Marta Seiz (PhD in Political and Social Sciences; Universitat Pompeu Fabra) is an Assistant Professor at UNED specialized in social demography. She has previously worked at the Spanish National Research Council, the Demosoc Unit at Universitat Pompeu Fabra, and the University of Göteborg. Her research lies at the intersection of sociodemography, sociology of the family, and social stratification, while applying a gender perspective. She has participated in several research projects in the fields of family, fertility, and social inequalities in perinatal health/child development. Her research has been published in journals such as Fertillity and Sterility, Social Science & Medicine, Journal of Family Research, Feminist Economics, European Sociological Review, or Demographic Research.
Leire Salazar is a Senior Researcher (Investigadora Científica) at the Institute for Public Goods and Policies, Spanish Research Council (IPP-CSIC). Before joining CSIC, she was an Associate Professor at UNED and the Lead Scientist of DIGCLASS, at the JRC, European Commission.
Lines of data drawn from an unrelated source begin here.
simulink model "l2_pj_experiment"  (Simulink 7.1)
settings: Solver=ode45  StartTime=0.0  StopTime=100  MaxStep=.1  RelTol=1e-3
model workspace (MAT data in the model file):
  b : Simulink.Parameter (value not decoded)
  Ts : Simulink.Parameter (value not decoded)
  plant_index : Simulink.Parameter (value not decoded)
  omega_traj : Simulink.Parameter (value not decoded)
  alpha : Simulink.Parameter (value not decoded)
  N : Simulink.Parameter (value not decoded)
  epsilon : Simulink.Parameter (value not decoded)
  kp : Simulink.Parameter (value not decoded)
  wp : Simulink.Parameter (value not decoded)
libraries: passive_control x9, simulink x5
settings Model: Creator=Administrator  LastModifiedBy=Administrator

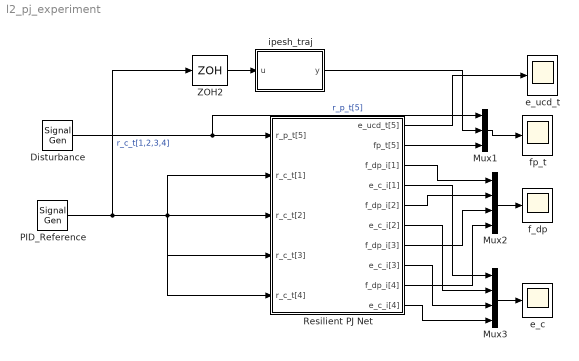
== system l2_pj_experiment ==
  Disturbance : SignalGenerator  WaveForm=square  Amplitude=.5  Frequency=.025
  Mux1 : Mux  Inputs=3
  Mux2 : Mux
  Mux3 : Mux
  PID_Reference : SignalGenerator  WaveForm=square  Frequency=.0125
  Resilient PJ Net : Subsystem
  ZOH2 : ZeroOrderHold  SampleTime=Ts
  e_c : Scope
      settings: SaveName=ScopeData2  SampleInput=on  SampleTime=Ts/10
  e_ucd_t : Scope
      settings: YMin=-1.1  YMax=1.1  SaveName=ScopeData3  SampleInput=on  SampleTime=Ts/10
  f_dp : Scope
      settings: TimeRange=100  SampleInput=on  SampleTime=Ts/10
  fp_t : Scope
      settings: TimeRange=100  YMin=-1.25  YMax=1.25  SampleInput=on  SampleTime=Ts/10
  ipesh_traj : Subsystem  mask{num=[omega_traj^2], den=[1,2*.9*omega_traj,omega_traj^2], Ts=Ts}
      mask prompts: num "H(s) num"; den "H(s) den"; Ts "Ts (sec)"
      mask init:
      | Hs=tf(num,den);
      | Hz=ipesh_transform(Hs,Ts);
  wires:
  PID_Reference/1 -> Resilient PJ Net/2(r_c_t[1]), Resilient PJ Net/3(r_c_t[2]), Resilient PJ Net/4(r_c_t[3]), Resilient PJ Net/5(r_c_t[4]), ZOH2/1  "r_c_t[1,2,3,4]"
  Disturbance/1 -> Resilient PJ Net/1(r_p_t[5]), Mux1/1  "r_p_t[5]"
  Mux2/1 -> f_dp/1
  Mux3/1 -> e_c/1
  Resilient PJ Net/1(e_ucd_t[5]) -> e_ucd_t/1
  Resilient PJ Net/10(e_c_i[4]) -> Mux3/4
  Resilient PJ Net/8(e_c_i[3]) -> Mux3/3
  Resilient PJ Net/6(e_c_i[2]) -> Mux3/2
  Resilient PJ Net/4(e_c_i[1]) -> Mux3/1
  Resilient PJ Net/3(f_dp_i[1]) -> Mux2/1
  Resilient PJ Net/5(f_dp_i[2]) -> Mux2/2
  Resilient PJ Net/7(f_dp_i[3]) -> Mux2/3
  Resilient PJ Net/9(f_dp_i[4]) -> Mux2/4
  Mux1/1 -> fp_t/1
  Resilient PJ Net/2(fp_t[5]) -> Mux1/3
  ZOH2/1 -> ipesh_traj/1(u)
  ipesh_traj/1(y) -> Mux1/2

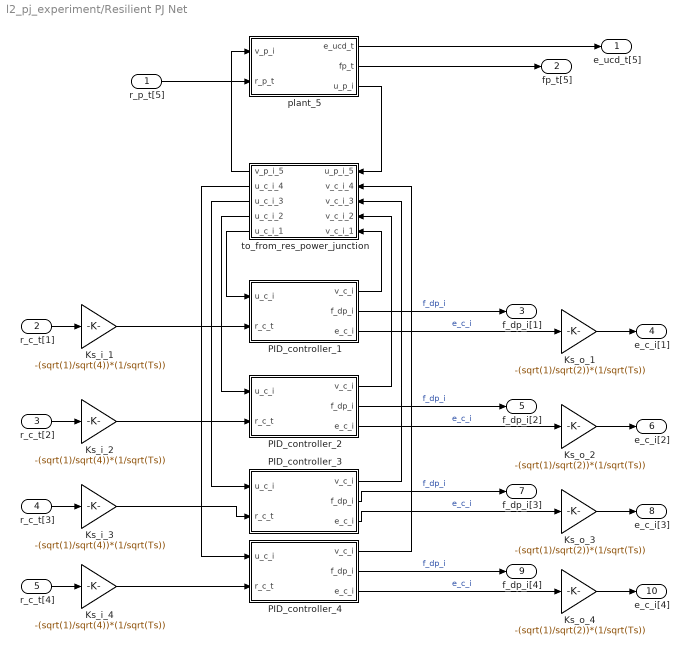
== system l2_pj_experiment/Resilient PJ Net ==
  r_p_t[5] : Inport
  r_c_t[1] : Inport  Port=2
  r_c_t[2] : Inport  Port=3
  r_c_t[3] : Inport  Port=4
  r_c_t[4] : Inport  Port=5
  Ks_i_{1..4} (4 alike) : Gain  Gain=-(sqrt(1)/sqrt(4))*(1/sqrt(Ts))  ParameterDataType=sfix(16)  ParameterScaling=2^0  OutDataType=sfix(16)  OutScaling=2^0
  Ks_o_{1..4} (4 alike) : Gain  Gain=-(sqrt(1)/sqrt(2))*(1/sqrt(Ts))  ParameterDataType=sfix(16)  ParameterScaling=2^0  OutDataType=sfix(16)  OutScaling=2^0
  PID_controller_1 : Subsystem
  PID_controller_2 : Subsystem
  PID_controller_3 : Subsystem
  PID_controller_4 : Subsystem
  plant_5 : Subsystem
  to_from_res_power_junction : Subsystem  Orientation=left
  e_ucd_t[5] : Outport
  fp_t[5] : Outport  Port=2
  f_dp_i[1] : Outport  Port=3
  e_c_i[1] : Outport  Port=4
  f_dp_i[2] : Outport  Port=5
  e_c_i[2] : Outport  Port=6
  f_dp_i[3] : Outport  Port=7
  e_c_i[3] : Outport  Port=8
  f_dp_i[4] : Outport  Port=9
  e_c_i[4] : Outport  Port=10
  wires:
  Ks_i_1/1 -> PID_controller_1/2(r_c_t)
  r_p_t[5]/1 -> plant_5/2(r_p_t)
  PID_controller_1/2(f_dp_i) -> f_dp_i[1]/1  "f_dp_i"
  r_c_t[1]/1 -> Ks_i_1/1
  PID_controller_1/3(e_c_i) -> Ks_o_1/1  "e_c_i"
  Ks_o_1/1 -> e_c_i[1]/1
  plant_5/1(e_ucd_t) -> e_ucd_t[5]/1
  plant_5/2(fp_t) -> fp_t[5]/1
  plant_5/3(u_p_i) -> to_from_res_power_junction/1(u_p_i_5)
  to_from_res_power_junction/1(v_p_i_5) -> plant_5/1(v_p_i)
  PID_controller_1/1(v_c_i) -> to_from_res_power_junction/5(v_c_i_1)
  to_from_res_power_junction/5(u_c_i_1) -> PID_controller_1/1(u_c_i)
  Ks_i_2/1 -> PID_controller_2/2(r_c_t)
  PID_controller_2/2(f_dp_i) -> f_dp_i[2]/1  "f_dp_i"
  r_c_t[2]/1 -> Ks_i_2/1
  PID_controller_2/3(e_c_i) -> Ks_o_2/1  "e_c_i"
  Ks_o_2/1 -> e_c_i[2]/1
  Ks_i_3/1 -> PID_controller_3/2(r_c_t)
  PID_controller_3/2(f_dp_i) -> f_dp_i[3]/1  "f_dp_i"
  r_c_t[3]/1 -> Ks_i_3/1
  PID_controller_3/3(e_c_i) -> Ks_o_3/1  "e_c_i"
  Ks_o_3/1 -> e_c_i[3]/1
  Ks_i_4/1 -> PID_controller_4/2(r_c_t)
  PID_controller_4/2(f_dp_i) -> f_dp_i[4]/1  "f_dp_i"
  r_c_t[4]/1 -> Ks_i_4/1
  PID_controller_4/3(e_c_i) -> Ks_o_4/1  "e_c_i"
  Ks_o_4/1 -> e_c_i[4]/1
  PID_controller_2/1(v_c_i) -> to_from_res_power_junction/4(v_c_i_2)
  to_from_res_power_junction/4(u_c_i_2) -> PID_controller_2/1(u_c_i)
  PID_controller_3/1(v_c_i) -> to_from_res_power_junction/3(v_c_i_3)
  to_from_res_power_junction/3(u_c_i_3) -> PID_controller_3/1(u_c_i)
  PID_controller_4/1(v_c_i) -> to_from_res_power_junction/2(v_c_i_4)
  to_from_res_power_junction/2(u_c_i_4) -> PID_controller_4/1(u_c_i)

== system l2_pj_experiment/ipesh_traj ==
  u : Inport
  ipesh : DiscreteTransferFcn  Numerator=Hz.num{1}  Denominator=Hz.den{1}  SampleTime=-1
  y : Outport
  wires:
  u/1 -> ipesh/1
  ipesh/1 -> y/1

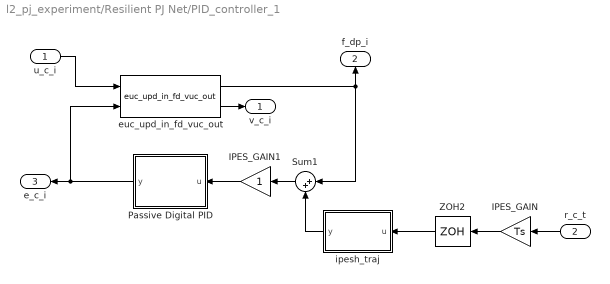
== system l2_pj_experiment/Resilient PJ Net/PID_controller_1 ==
  u_c_i : Inport
  r_c_t : Inport  Orientation=left  Port=2
  IPES_GAIN : Gain  Orientation=left  Gain=Ts  ParameterDataType=sfix(16)  ParameterScaling=2^0  OutDataType=sfix(16)  OutScaling=2^0
  IPES_GAIN1 : Gain  Orientation=left  ParameterDataType=sfix(16)  ParameterScaling=2^0  OutDataType=sfix(16)  OutScaling=2^0
  Passive Digital PID : Subsystem  Orientation=left  mask{kpk=kp, wpk=wp, alpha=alpha, N=N, Ts=Ts, epsilon=epsilon}
      mask prompts: kpk "Enter Plant Gains kpk (Vector)"; wpk "Enter Plant Frequencies wpk (Vector)"; alpha "Enter Alpha"; N "Enter N"; Ts "Sample Time [Ts] (seconds)"; epsilon "Enter epsiolon"
      mask init:
      | ksk=kpk./wpk;
      | kp=min(kpk);
      | wp=min(wpk);
      | wn=pi/Ts;
      | Kp=(1/3)*alpha*(wn+wp)/kp;
      | Ki=(1/3)*alpha*wn*(wn+wp)/kp;
      | Kd=(1/3)*alpha*(2/(N+1))*(wn+wp)/kp;
      | GIs=feedback(tf(Kp,[1,0]),epsilon);
      | GDs=Kd*tf([N*Ts/pi,1],[Ts/pi,1]);
  Sum1 : Sum  Orientation=left  Inputs=|++  OutDataType=sfix(16)  OutScaling=2^0
  ZOH2 : ZeroOrderHold  Orientation=left  SampleTime=Ts
  euc_upd_in_fd_vuc_out : passive_control/euc_upd_in_fd_vuc_out  SystemSampleTime=-1  b=b
  ipesh_traj : Subsystem  Orientation=left  mask{num=[omega_traj^2], den=[1,2*.9*omega_traj,omega_traj^2], Ts=Ts}
      mask prompts: num "H(s) num"; den "H(s) den"; Ts "Ts (sec)"
      mask init:
      | Hs=tf(num,den);
      | Hz=ipesh_transform(Hs,Ts);
  v_c_i : Outport
  f_dp_i : Outport  Orientation=up  Port=2
  e_c_i : Outport  Orientation=left  Port=3
  wires:
  euc_upd_in_fd_vuc_out/1 -> Sum1/1, f_dp_i/1
  ZOH2/1 -> ipesh_traj/1(u)
  r_c_t/1 -> IPES_GAIN/1
  Passive Digital PID/1(y) -> euc_upd_in_fd_vuc_out/2, e_c_i/1
  IPES_GAIN/1 -> ZOH2/1
  u_c_i/1 -> euc_upd_in_fd_vuc_out/1
  euc_upd_in_fd_vuc_out/2 -> v_c_i/1
  ipesh_traj/1(y) -> Sum1/2
  Sum1/1 -> IPES_GAIN1/1
  IPES_GAIN1/1 -> Passive Digital PID/1(u)

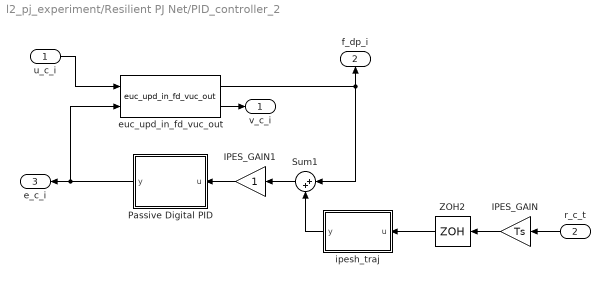
== system l2_pj_experiment/Resilient PJ Net/PID_controller_2 ==
  u_c_i : Inport
  r_c_t : Inport  Orientation=left  Port=2
  IPES_GAIN : Gain  Orientation=left  Gain=Ts  ParameterDataType=sfix(16)  ParameterScaling=2^0  OutDataType=sfix(16)  OutScaling=2^0
  IPES_GAIN1 : Gain  Orientation=left  ParameterDataType=sfix(16)  ParameterScaling=2^0  OutDataType=sfix(16)  OutScaling=2^0
  Passive Digital PID : Subsystem  Orientation=left  mask{kpk=kp, wpk=wp, alpha=alpha, N=N, Ts=Ts, epsilon=epsilon}
      mask prompts: kpk "Enter Plant Gains kpk (Vector)"; wpk "Enter Plant Frequencies wpk (Vector)"; alpha "Enter Alpha"; N "Enter N"; Ts "Sample Time [Ts] (seconds)"; epsilon "Enter epsiolon"
      mask init: same as l2_pj_experiment/Resilient PJ Net/PID_controller_1/Passive Digital PID
  Sum1 : Sum  Orientation=left  Inputs=|++  OutDataType=sfix(16)  OutScaling=2^0
  ZOH2 : ZeroOrderHold  Orientation=left  SampleTime=Ts
  euc_upd_in_fd_vuc_out : passive_control/euc_upd_in_fd_vuc_out  SystemSampleTime=-1  b=b
  ipesh_traj : Subsystem  Orientation=left  mask{num=[omega_traj^2], den=[1,2*.9*omega_traj,omega_traj^2], Ts=Ts}
      mask prompts: num "H(s) num"; den "H(s) den"; Ts "Ts (sec)"
      mask init:
      | Hs=tf(num,den);
      | Hz=ipesh_transform(Hs,Ts);
  v_c_i : Outport
  f_dp_i : Outport  Orientation=up  Port=2
  e_c_i : Outport  Orientation=left  Port=3
  wires:
  Sum1/1 -> IPES_GAIN1/1
  ipesh_traj/1(y) -> Sum1/2
  euc_upd_in_fd_vuc_out/2 -> v_c_i/1
  u_c_i/1 -> euc_upd_in_fd_vuc_out/1
  IPES_GAIN/1 -> ZOH2/1
  Passive Digital PID/1(y) -> e_c_i/1, euc_upd_in_fd_vuc_out/2
  r_c_t/1 -> IPES_GAIN/1
  ZOH2/1 -> ipesh_traj/1(u)
  euc_upd_in_fd_vuc_out/1 -> f_dp_i/1, Sum1/1
  IPES_GAIN1/1 -> Passive Digital PID/1(u)

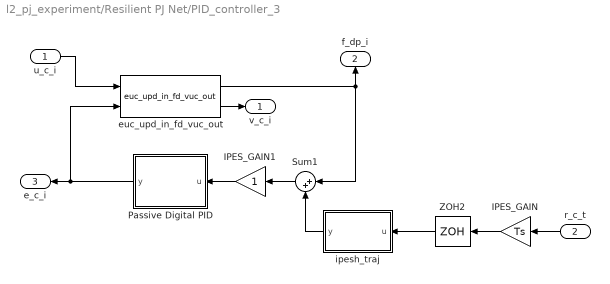
== system l2_pj_experiment/Resilient PJ Net/PID_controller_3 ==
  u_c_i : Inport
  r_c_t : Inport  Orientation=left  Port=2
  IPES_GAIN : Gain  Orientation=left  Gain=Ts  ParameterDataType=sfix(16)  ParameterScaling=2^0  OutDataType=sfix(16)  OutScaling=2^0
  IPES_GAIN1 : Gain  Orientation=left  ParameterDataType=sfix(16)  ParameterScaling=2^0  OutDataType=sfix(16)  OutScaling=2^0
  Passive Digital PID : Subsystem  Orientation=left  mask{kpk=kp, wpk=wp, alpha=alpha, N=N, Ts=Ts, epsilon=epsilon}
      mask prompts: kpk "Enter Plant Gains kpk (Vector)"; wpk "Enter Plant Frequencies wpk (Vector)"; alpha "Enter Alpha"; N "Enter N"; Ts "Sample Time [Ts] (seconds)"; epsilon "Enter epsiolon"
      mask init: same as l2_pj_experiment/Resilient PJ Net/PID_controller_1/Passive Digital PID
  Sum1 : Sum  Orientation=left  Inputs=|++  OutDataType=sfix(16)  OutScaling=2^0
  ZOH2 : ZeroOrderHold  Orientation=left  SampleTime=Ts
  euc_upd_in_fd_vuc_out : passive_control/euc_upd_in_fd_vuc_out  SystemSampleTime=-1  b=b
  ipesh_traj : Subsystem  Orientation=left  mask{num=[omega_traj^2], den=[1,2*.9*omega_traj,omega_traj^2], Ts=Ts}
      mask prompts: num "H(s) num"; den "H(s) den"; Ts "Ts (sec)"
      mask init:
      | Hs=tf(num,den);
      | Hz=ipesh_transform(Hs,Ts);
  v_c_i : Outport
  f_dp_i : Outport  Orientation=up  Port=2
  e_c_i : Outport  Orientation=left  Port=3
  wires:
  euc_upd_in_fd_vuc_out/1 -> Sum1/1, f_dp_i/1
  ZOH2/1 -> ipesh_traj/1(u)
  r_c_t/1 -> IPES_GAIN/1
  Passive Digital PID/1(y) -> euc_upd_in_fd_vuc_out/2, e_c_i/1
  IPES_GAIN/1 -> ZOH2/1
  u_c_i/1 -> euc_upd_in_fd_vuc_out/1
  euc_upd_in_fd_vuc_out/2 -> v_c_i/1
  ipesh_traj/1(y) -> Sum1/2
  Sum1/1 -> IPES_GAIN1/1
  IPES_GAIN1/1 -> Passive Digital PID/1(u)

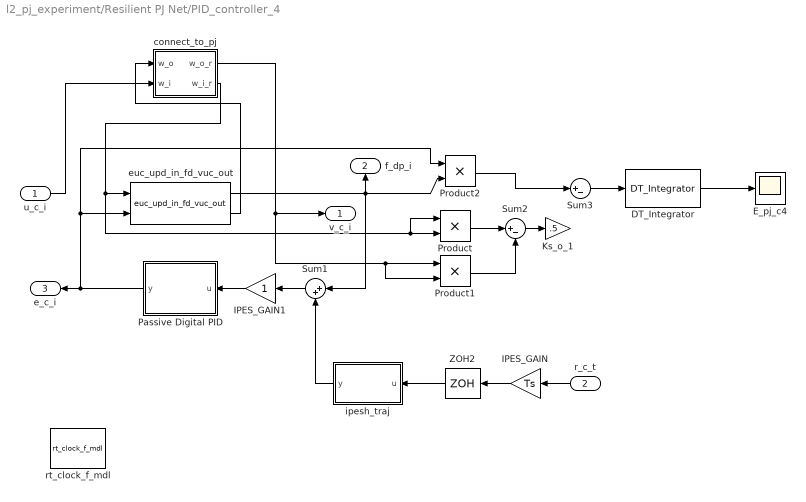
== system l2_pj_experiment/Resilient PJ Net/PID_controller_4 ==
  u_c_i : Inport
  r_c_t : Inport  Orientation=left  Port=2
  DT_Integrator : passive_control/passive_down_sampler/DT_Integrator  SystemSampleTime=-1
  E_pj_c4 : Scope
      settings: SaveName=ScopeData5
  IPES_GAIN : Gain  Orientation=left  Gain=Ts  ParameterDataType=sfix(16)  ParameterScaling=2^0  OutDataType=sfix(16)  OutScaling=2^0
  IPES_GAIN1 : Gain  Orientation=left  ParameterDataType=sfix(16)  ParameterScaling=2^0  OutDataType=sfix(16)  OutScaling=2^0
  Ks_o_1 : Gain  Gain=.5  ParameterDataType=sfix(16)  ParameterScaling=2^0  OutDataType=sfix(16)  OutScaling=2^0
  Passive Digital PID : Subsystem  Orientation=left  mask{kpk=kp, wpk=wp, alpha=alpha, N=N, Ts=Ts, epsilon=epsilon}
      mask prompts: kpk "Enter Plant Gains kpk (Vector)"; wpk "Enter Plant Frequencies wpk (Vector)"; alpha "Enter Alpha"; N "Enter N"; Ts "Sample Time [Ts] (seconds)"; epsilon "Enter epsiolon"
      mask init: same as l2_pj_experiment/Resilient PJ Net/PID_controller_1/Passive Digital PID
  Product : Product  OutDataType=sfix(16)  OutScaling=2^0  RndMeth=Zero
  Product1 : Product  OutDataType=sfix(16)  OutScaling=2^0  RndMeth=Zero
  Product2 : Product  OutDataType=sfix(16)  OutScaling=2^0  RndMeth=Zero
  Sum1 : Sum  Orientation=left  Inputs=|++  OutDataType=sfix(16)  OutScaling=2^0
  Sum2 : Sum  Inputs=|+-  OutDataType=sfix(16)  OutScaling=2^0
  Sum3 : Sum  Inputs=|+-  OutDataType=sfix(16)  OutScaling=2^0
  ZOH2 : ZeroOrderHold  Orientation=left  SampleTime=Ts
  connect_to_pj : Subsystem  mask{connect=on}
  euc_upd_in_fd_vuc_out : passive_control/euc_upd_in_fd_vuc_out  SystemSampleTime=-1  b=b
  ipesh_traj : Subsystem  Orientation=left  mask{num=[omega_traj^2], den=[1,2*.9*omega_traj,omega_traj^2], Ts=Ts}
      mask prompts: num "H(s) num"; den "H(s) den"; Ts "Ts (sec)"
      mask init:
      | Hs=tf(num,den);
      | Hz=ipesh_transform(Hs,Ts);
  rt_clock_f_mdl : passive_control/rt_clock_f_mdl  SystemSampleTime=-1  Ts=Ts  ID=1
  v_c_i : Outport
  f_dp_i : Outport  Orientation=up  Port=2
  e_c_i : Outport  Orientation=left  Port=3
  wires:
  Sum1/1 -> IPES_GAIN1/1
  ipesh_traj/1(y) -> Sum1/2
  IPES_GAIN/1 -> ZOH2/1
  Passive Digital PID/1(y) -> e_c_i/1, euc_upd_in_fd_vuc_out/2, Product2/1
  r_c_t/1 -> IPES_GAIN/1
  ZOH2/1 -> ipesh_traj/1(u)
  euc_upd_in_fd_vuc_out/1 -> f_dp_i/1, Product2/2, Sum1/1
  Product/1 -> Sum2/1
  Product1/1 -> Sum2/2
  Sum2/1 -> Ks_o_1/1
  Product2/1 -> Sum3/1
  Sum3/1 -> DT_Integrator/1
  DT_Integrator/1 -> E_pj_c4/1
  IPES_GAIN1/1 -> Passive Digital PID/1(u)
  u_c_i/1 -> connect_to_pj/2(w_i)
  connect_to_pj/2(w_i_r) -> euc_upd_in_fd_vuc_out/1, Product/2, Product/1
  euc_upd_in_fd_vuc_out/2 -> connect_to_pj/1(w_o)
  connect_to_pj/1(w_o_r) -> v_c_i/1, Product1/2, Product1/1

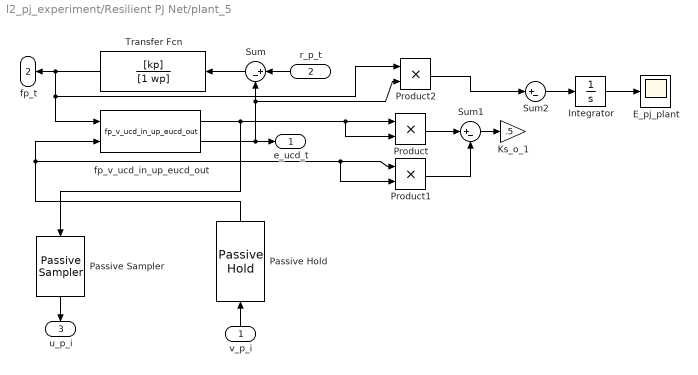
== system l2_pj_experiment/Resilient PJ Net/plant_5 ==
  v_p_i : Inport  Orientation=up
  r_p_t : Inport  Orientation=left  Port=2
  E_pj_plant : Scope
      settings: SaveName=ScopeData4  SampleInput=on  SampleTime=Ts
  Integrator : Integrator
  Ks_o_1 : Gain  Gain=.5  ParameterDataType=sfix(16)  ParameterScaling=2^0  OutDataType=sfix(16)  OutScaling=2^0
  Passive Hold : passive_control/Passive Hold  Orientation=up  SystemSampleTime=-1  Ts=Ts
  Passive Sampler : passive_control/Passive Sampler  Orientation=down  SystemSampleTime=-1  Ts=Ts
  Product : Product  OutDataType=sfix(16)  OutScaling=2^0  RndMeth=Zero
  Product1 : Product  OutDataType=sfix(16)  OutScaling=2^0  RndMeth=Zero
  Product2 : Product  OutDataType=sfix(16)  OutScaling=2^0  RndMeth=Zero
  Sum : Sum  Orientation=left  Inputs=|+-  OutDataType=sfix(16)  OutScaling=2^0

She has published research on educational inequalities, perinatal health inequalities and income and wealth inequalities in journals such as European Sociological Review, Socio-Economic Review, Sociological Science, European Journal of Population, American Journal of Sociology or Social Science & Medicine.
Dr. Xiana Bueno is a sociologist and family demographer and has conducted her research at the School of Public Health at Indiana University since 2021. She has previously done research at Harvard University and the Center for Demographic Studies in Barcelona. Dr. Bueno’s research focuses on abortion attitudes, family demography, and international migration. Her most recent research centers on developing measures to better assess attitudes toward abortion. She also studies how gender inequality, labor-market conditions, and family policies affect fertility decisions.
Ryohei Mogi is a Juan de la Cierva Fellow at the Department of Political and Social Sciences, Pompeu Fabra University (Barcelona, Spain). He is a demographer and seeks to understand the fertility decline and family changes by developing alternative measures and analysing the key factors of such decline and changes and its consequences. He particularly focuses on childlessness, mate search, and partnership formation. He received his PhD in Demography at the Autonomous University of Barcelona and Centre for Demographic Studies in 2020 and European Research Certificate in Demography from the European Doctoral School of Demography at Max Planck Institute for Demographic Research and La Sapienza University of Rome.
Marco Cozzani is an Assistant Professor of Demography at the University of Florence. Before this position, he was a post-doctoral researcher at the University of Bologna, working on the ERC project GENPOP. He also held a post-doctoral research position at the European University Institute, where he completed his PhD. His research interests include population and children's health, fertility, social stratification, child development, parental responses, fetal origins, quantitative methods, and causal inference .
Born in Moscow, Russia, Evgeniya Borisova graduated from Moscow's State University of Management, specializing in bank management. After several years working as financial analyst, she moved to Barcelona to study a Master of Science in Population and Territorial Studies coordinated by Universitat Autònoma de Barcelona's Geography Department and Centre d'Estudis Demogràfics. In 2021 she worked as research assistant at Universitat Pompeu Fabra. In October 2023 she finished her PhD in Demography (Centre d'Estudis Demogràfics, Universitat Autònoma de Barcelona). Her research is focused on fertility and reproductive health and looks into IVF development in relation to low fertility and fertility postponement in Spain.
Nerea has a degree in Pharmacy from the University of Santiago de Compostela, with a Master's Degree in Research and Advances in Cellular and Molecular Immunology from the University of Granada. She is currently a predoctoral researcher in the PERIFACT project, where she investigates the impact of environmental pollution on perinatal health, with a focus on social stratification dynamics. At the moment, she is developing her thesis in the Doctoral Program in Biomedical Sciences and Public Health offered jointly by the UNED and the Instituto de Salud Carlos III through the IMIENS (Instituto Mixto de Investigación – Escuela Nacional de Sanidad).
Michael Borchgrevink Lund is an FNS Senior Researcher at the Swiss Centre of Expertise in Life Course Research LIVES (University of Lausanne) and a predoctoral student at University Carlos III (UC3M). His research focuses on the intersection of social demography, stratification, and health inequalities, employing life course approaches. In his doctoral thesis, he investigates how family dynamics and social capital influence health throughout the life course in the historical United States, utilizing innovative data and methodologies. As a contributor to the ECHO project at the Spanish National Research Council (CSIC), he has explored the evolving role of grandmothers in family structures and participated in studies on smoking and obesity, enhancing his expertise in multigenerational influences on health outcomes.